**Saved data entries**
-- Opening Marker --

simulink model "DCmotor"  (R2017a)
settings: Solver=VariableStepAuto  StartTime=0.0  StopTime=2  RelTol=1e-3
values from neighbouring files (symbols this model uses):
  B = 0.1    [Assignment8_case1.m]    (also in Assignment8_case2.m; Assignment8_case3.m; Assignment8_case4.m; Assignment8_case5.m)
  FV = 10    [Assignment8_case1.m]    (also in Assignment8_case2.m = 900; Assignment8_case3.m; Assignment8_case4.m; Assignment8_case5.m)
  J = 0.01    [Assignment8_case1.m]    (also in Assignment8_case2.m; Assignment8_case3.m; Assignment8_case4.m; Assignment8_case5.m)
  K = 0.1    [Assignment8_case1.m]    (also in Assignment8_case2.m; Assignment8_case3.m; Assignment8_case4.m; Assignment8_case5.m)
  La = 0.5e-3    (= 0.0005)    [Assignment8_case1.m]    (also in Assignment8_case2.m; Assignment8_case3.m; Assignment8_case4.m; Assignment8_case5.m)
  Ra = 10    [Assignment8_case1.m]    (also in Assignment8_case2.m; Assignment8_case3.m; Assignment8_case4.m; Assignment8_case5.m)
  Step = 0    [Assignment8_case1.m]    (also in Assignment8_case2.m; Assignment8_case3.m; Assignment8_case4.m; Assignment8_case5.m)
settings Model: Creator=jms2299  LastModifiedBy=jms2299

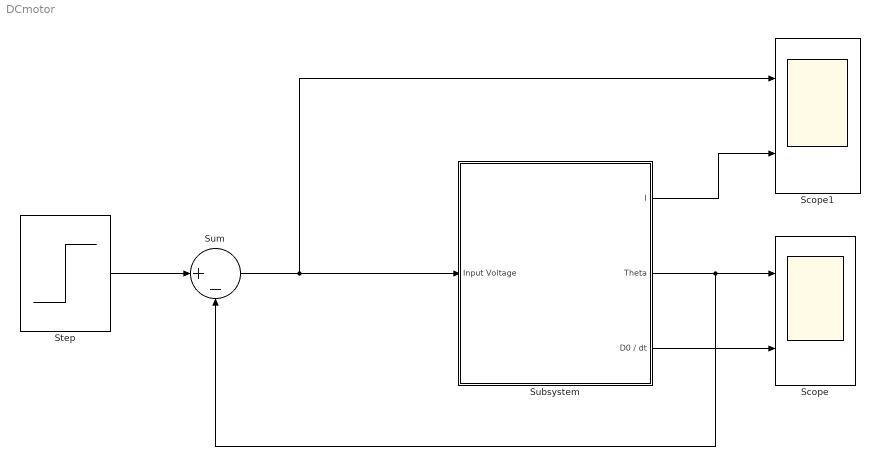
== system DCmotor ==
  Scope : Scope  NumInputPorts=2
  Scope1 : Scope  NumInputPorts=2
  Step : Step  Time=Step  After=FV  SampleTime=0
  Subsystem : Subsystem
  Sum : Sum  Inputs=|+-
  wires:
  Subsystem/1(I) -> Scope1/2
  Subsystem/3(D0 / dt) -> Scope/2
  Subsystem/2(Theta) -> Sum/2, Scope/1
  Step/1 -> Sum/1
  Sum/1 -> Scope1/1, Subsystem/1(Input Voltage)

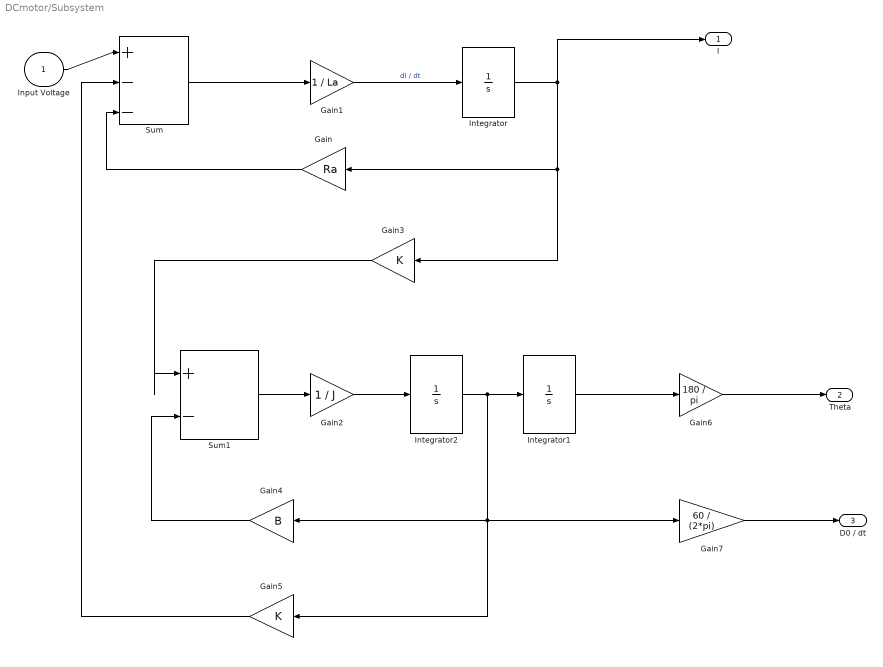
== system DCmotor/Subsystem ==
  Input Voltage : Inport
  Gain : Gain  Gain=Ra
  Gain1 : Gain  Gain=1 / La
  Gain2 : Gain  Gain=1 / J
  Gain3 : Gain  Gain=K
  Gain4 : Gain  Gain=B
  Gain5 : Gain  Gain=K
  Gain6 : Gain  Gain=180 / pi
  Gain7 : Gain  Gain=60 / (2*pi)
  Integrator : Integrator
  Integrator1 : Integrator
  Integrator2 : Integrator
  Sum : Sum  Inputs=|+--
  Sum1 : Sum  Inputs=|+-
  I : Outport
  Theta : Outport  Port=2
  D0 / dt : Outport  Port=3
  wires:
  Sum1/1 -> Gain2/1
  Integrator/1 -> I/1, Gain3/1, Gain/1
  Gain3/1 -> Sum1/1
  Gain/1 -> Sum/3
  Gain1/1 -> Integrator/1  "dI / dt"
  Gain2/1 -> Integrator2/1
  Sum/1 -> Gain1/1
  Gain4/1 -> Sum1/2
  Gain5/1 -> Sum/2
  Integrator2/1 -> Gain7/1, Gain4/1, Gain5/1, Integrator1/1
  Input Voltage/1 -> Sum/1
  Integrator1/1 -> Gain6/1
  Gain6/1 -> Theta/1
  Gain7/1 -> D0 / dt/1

-- Closing Marker --

**What you are asked to do**
If a line in the records above holds the string "NumInputPorts", copy it.

**Finished task**
  Scope : Scope  NumInputPorts=2
  Scope1 : Scope  NumInputPorts=2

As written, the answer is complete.